Andrew Mitchell

Tampa Bay Buccaneers
- Title: Assistant offensive line coach

Personal information
- Born: June 12, 1985 (age 41) Choctaw, Oklahoma, U.S.
- Listed height: 6 ft 5 in (1.96 m)
- Listed weight: 308 lb (140 kg)

Career information
- High school: Choctaw (OK)
- College: Snow (2006–2007) Oklahoma State (2008–2009)
- NFL draft: 2010: undrafted

Career history

Playing
- Cincinnati Bengals (2010); Seattle Seahawks (2012)*; Jacksonville Jaguars (2012)*;
- * Offseason or practice squad member only

Coaching
- Houston (2013) Graduate assistant; North Carolina (2014–2015) Graduate assistant; TCU (2016) Assistant offensive line & tight ends coach; Indiana State (2016) Offensive line coach; Snow (2017–2018) Offensive coordinator; Snow (2019–2020) Head coach; TCU (2021) Offensive analyst; New Mexico State (2022–2023) Offensive line coach; New Mexico State (2024) Offensive line coach & assistant head coach; Oklahoma State (2025) Offensive line coach; Tampa Bay Buccaneers (2026-present) Assistant offensive line coach;

= Andrew Mitchell (American football) =

American football player (born 1985)

Andrew Mitchell (born June 12, 1985) is an American football coach former offensive tackle.
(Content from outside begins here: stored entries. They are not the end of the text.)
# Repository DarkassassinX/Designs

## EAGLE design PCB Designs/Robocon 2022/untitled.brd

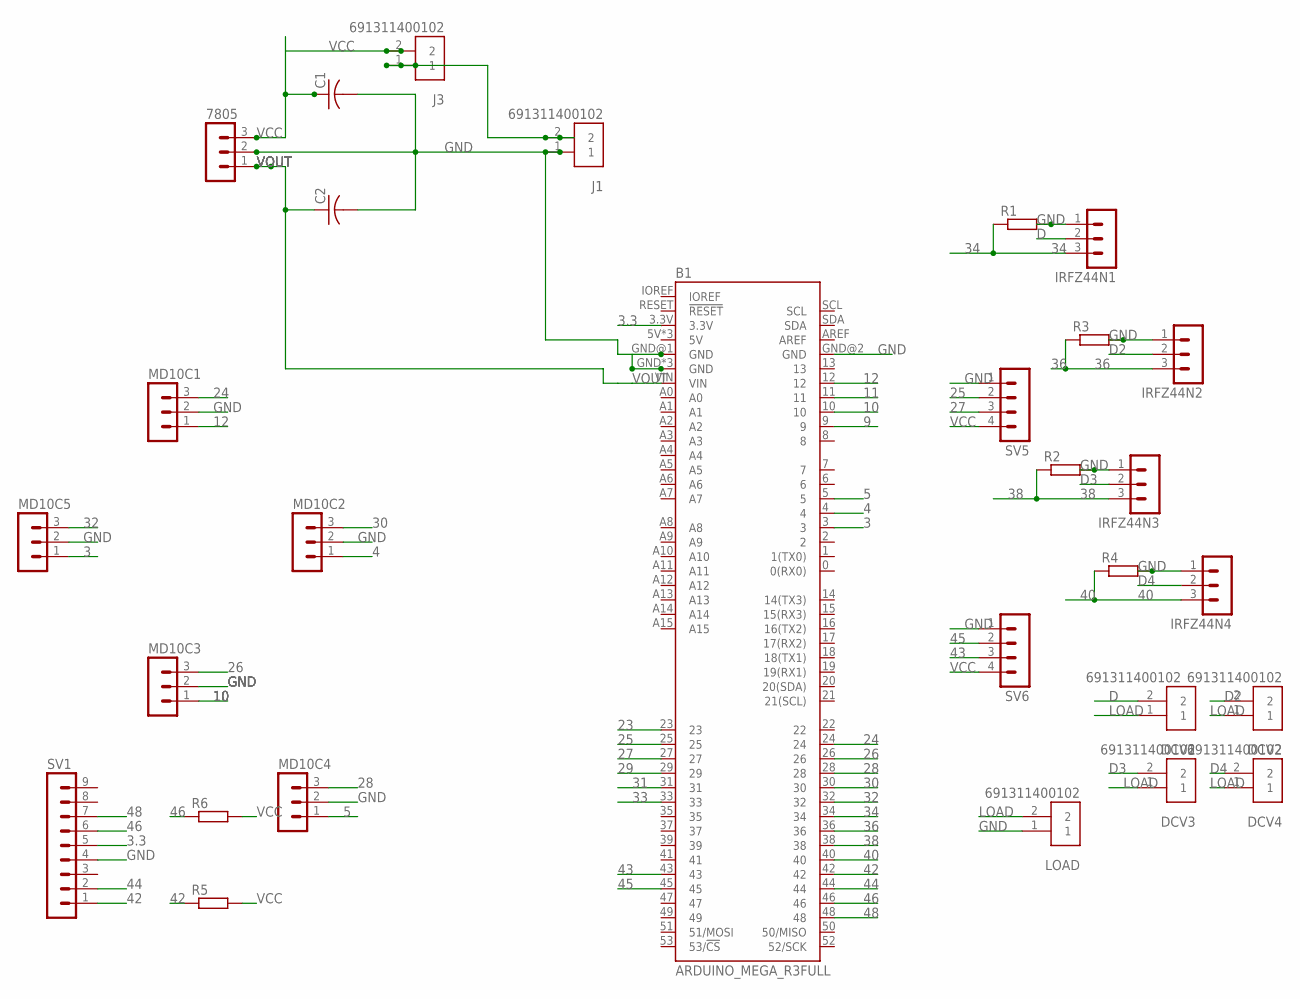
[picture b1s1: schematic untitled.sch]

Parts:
7805: MA03-1
B1: ARDUINO_MEGA_R3FULL; ARDUINO_MEGA_NO_SILK
C1, C2: C-US025-024X044; C025-024X044
DCV1, DCV2, DCV3, DCV4: 691311400102; TERMINALBLOCK_PLUGGABLE-2-7.62MM
IRFZ44N1, IRFZ44N2, IRFZ44N3, IRFZ44N4: MA03-1
J1, J3: 691311400102; TERMINALBLOCK_PLUGGABLE-2-7.62MM
LOAD: 691311400102; TERMINALBLOCK_PLUGGABLE-2-7.62MM
MD10C1, MD10C2, MD10C3, MD10C4, MD10C5: MA03-1
R1, R2, R3, R4, R5, R6: R-EU_0204_5; 0204/5
SV1: MA09-1
SV5, SV6: MA04-1

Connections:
3: B1.3, MD10C5.1
3.3: B1.3.3V, SV1.5
4: B1.4, MD10C2.1
5: B1.5, MD10C4.1
9: B1.9
10: B1.10, MD10C3.1
11: B1.11
12: B1.12, MD10C1.1
23: B1.23
24: B1.24, MD10C1.3
25: B1.25, SV5.2
26: B1.26, MD10C3.3
27: B1.27, SV5.3
28: B1.28, MD10C4.3
29: B1.29
30: B1.30, MD10C2.3
31: B1.31
32: B1.32, MD10C5.3
33: B1.33
34: B1.34, IRFZ44N1.3, R1.1
36: B1.36, IRFZ44N2.3, R3.1
38: B1.38, IRFZ44N3.3, R2.1
40: B1.40, IRFZ44N4.3, R4.1
42: B1.42, R5.1, SV1.1
43: B1.43, SV6.3
44: B1.44, SV1.2
45: B1.45, SV6.2
46: B1.46, R6.1, SV1.6
48: B1.48, SV1.7
D: DCV1.2, IRFZ44N1.2
D2: DCV2.2, IRFZ44N2.2
D3: DCV3.2, IRFZ44N3.2
D4: DCV4.2, IRFZ44N4.2
GND: 7805.2, B1.GND, B1.GND@1 (GND), B1.GND@2 (GND), B1.GND@3 (GND), B1.GND@4 (GND), C1.2, C2.2, IRFZ44N1.1, IRFZ44N2.1, IRFZ44N3.1, IRFZ44N4.1, J1.1, LOAD.1, MD10C1.2, MD10C2.2, MD10C3.2, MD10C4.2, MD10C5.2, R1.2, R2.2, R3.2, R4.2, SV1.4, SV5.1, SV6.1
LOAD: DCV1.1, DCV2.1, DCV3.1, DCV4.1, LOAD.2
VCC: 7805.3, C1.1, J3.2, R5.2, R6.2, SV5.4, SV6.4
VIN: J1.2, J3.1
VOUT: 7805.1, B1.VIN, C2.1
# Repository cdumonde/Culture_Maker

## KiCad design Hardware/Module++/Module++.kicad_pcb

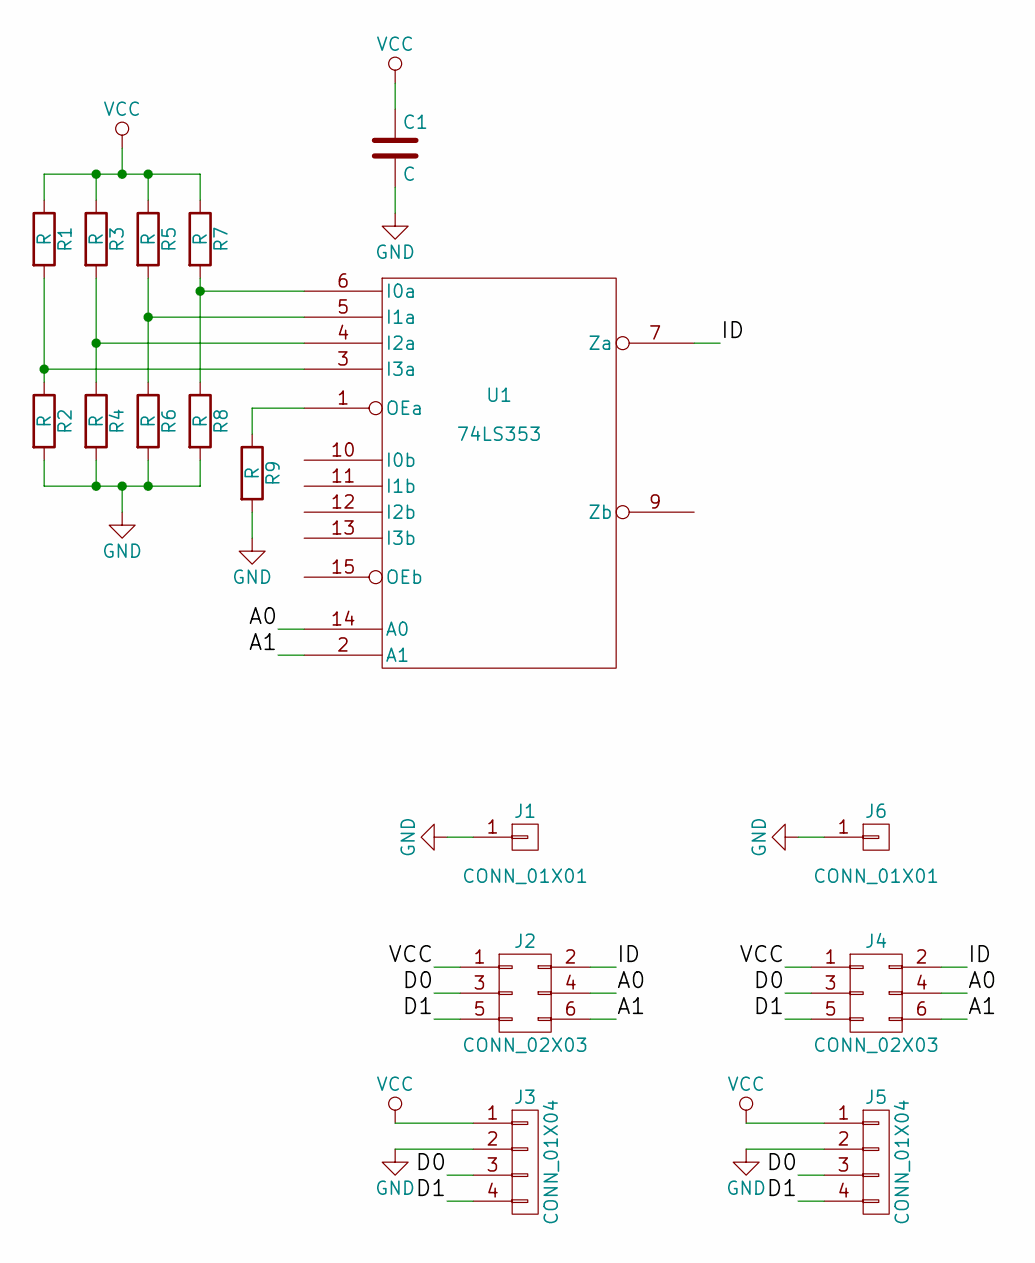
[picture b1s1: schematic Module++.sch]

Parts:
C1: C; C_0603_HandSoldering
J1, J6: CONN_01X01; Pin_Header_Straight_1x01_Pitch2.54mm
J2, J4: CONN_02X03; Pin_Header_Straight_2x03_Pitch2.54mm
J3, J5: CONN_01X04; Pin_Header_Straight_1x04_Pitch2.54mm
R1, R2, R3, R4, R5, R6, R7, R8, R9: R; R_0603_HandSoldering
U1: 74LS353; TSSOP-16_4.4x5mm_Pitch0.65mm

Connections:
/A0: J2.4, J4.4, U1.14 (A0)
/A1: J2.6, J4.6, U1.2 (A1)
/D0: J2.3, J3.3, J4.3, J5.3
/D1: J2.5, J3.4, J4.5, J5.4
/ID: J2.2, J4.2, U1.7 (Za)
GND: C1.2, J1.1, J3.2, J5.2, J6.1, R2.2, R4.2, R6.2, R8.2, R9.2, U1.8 (GND)
unnamed: R1.2, R2.1, U1.3 (I3a)
unnamed: R3.2, R4.1, U1.4 (I2a)
unnamed: R5.2, R6.1, U1.5 (I1a)
unnamed: R7.2, R8.1, U1.6 (I0a)
unnamed: R9.1, U1.1 (OEa)
VCC: C1.1, J2.1, J3.1, J4.1, J5.1, R1.1, R3.1, R5.1, R7.1, U1.16 (VCC)

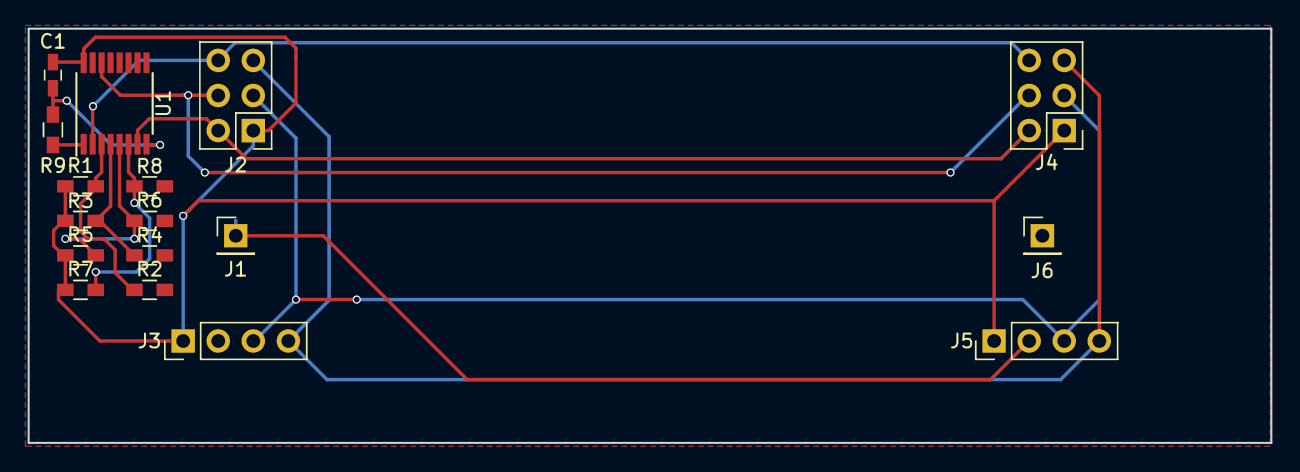
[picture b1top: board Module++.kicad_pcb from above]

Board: 2 copper layers, 90.0 x 30.0 mm, 17 parts (0 on the bottom side), 12 nets.

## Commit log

2017-03-16 Add some directory
2017-03-16 add empty makefile
2017-03-16 Added imgui
2017-03-16 Created department directories
2017-03-16 Removed imgui examples
2017-03-16 Pushed readme on all folders
2017-03-16 Test the lib
2017-03-16 Add files via upload
    Sensors test arduino code
2017-03-19 Added gitattributes to fix (hopefully) the line ending errors on Windows
2017-03-19 Fixed the Interface_midi Makefile
2017-03-19 Added a "virtual" midi keyboard
2017-03-19 Updated virtual_keyboard readme
2017-03-20 Removed rtmidi doc (because it's annoying)
2017-03-21 Fixed note_on & note_off message values
2017-03-21 Added minimal gitignore
2017-03-21 Added a "midi parser" (check README.md for desc.)
2017-03-30 tri et dossiers renommés
2017-03-30 add Pad class
2017-03-30 Log fichier compilation sous mac OS
    Log fichier compilation sous mac OS.
2017-03-30 Add Control class
    Control.h
    Control.cpp
2017-03-30 Add some features of Pad class
2017-03-30 Control -> Controller
    Control -> Controller
2017-03-30 Update Controller
    Suite du code. Début des codes sur Save et Load dans les .mod
2017-04-02 Controller Update + Test
    Avancement de la classe Controller.
    Création d’un fichier main de test.
    Conversion uChar -> string hexadecimal
    Test de la creation de *.mod
    Modification du makefile pour tester class Controller
2017-04-02 Controller Update & Load function
    Mises a jour de Controller,
    Debugage de la méthode loadController,
    Ajout d’un #define DEBUG,
    Manipulation des conversions string/hex vers uChar.
2017-04-03 Test des capteurs
2017-04-06 Add Controller source and header to Pad folder
2017-04-06 Commit test
    Test pour Debug le Git de Baptiste
    Suppression .log
2017-04-06 fck gitattributes
2017-04-06 Gitignore
2017-04-06 Supress Control sources
2017-04-06 Controller Update
2017-04-06 examples
2017-04-06 Début de configController
2017-04-06 Created Kicad project
2017-04-06 Revert "Corrected Controller class"
    This reverts commit 3f65afcdb4c5dee76876981e0cfa8ed56ec50be9.
2017-04-06 Corrected Controller class
2017-04-06 Revert "Revert "Corrected Controller class""
    This reverts commit 544c692aacb52d7f1229a31f3c185a7283d1f4f0.
2017-04-06 Add function class and Types header which is used to store all important enum and defitions of the project
2017-04-06 Cleanup of Controller class
2017-04-06 More code beautification
2017-04-13 Hardware: Add Module PCB layout
2017-04-13 Hardware: started base PCB structure
2017-04-13 Add function sources
2017-04-13 sprite for software
    lots of pictures...
2017-04-13 Hardware: Add Module++ PCB layout for sliders
2017-04-15 Add shortcut management function in Function.h/cpp
2017-04-16 prepare for Windows shortcut management
2017-04-27 Finish Linux shortcut management
2017-04-27 Finish Controller class and start Pad class
2017-04-27 Hardware: Fix missing VCC connection
2017-04-27 Base schematics almost done
2017-05-04 dessin vierge
2017-05-08 Hardware: Start the base PCB

He played college football at Oklahoma State University. He was signed by the Cincinnati Bengals on April 30, 2010

He has also been a member of the Seattle Seahawks and Jacksonville Jaguars. Mitchell is a member of The Church of Jesus Christ of Latter-day Saints and served an LDS mission in California.

==Career==
On February 17, 2026, the Tampa Bay Buccaneers hired Mitchell to serve as the team's assistant offensive line coach under head coach Todd Bowles.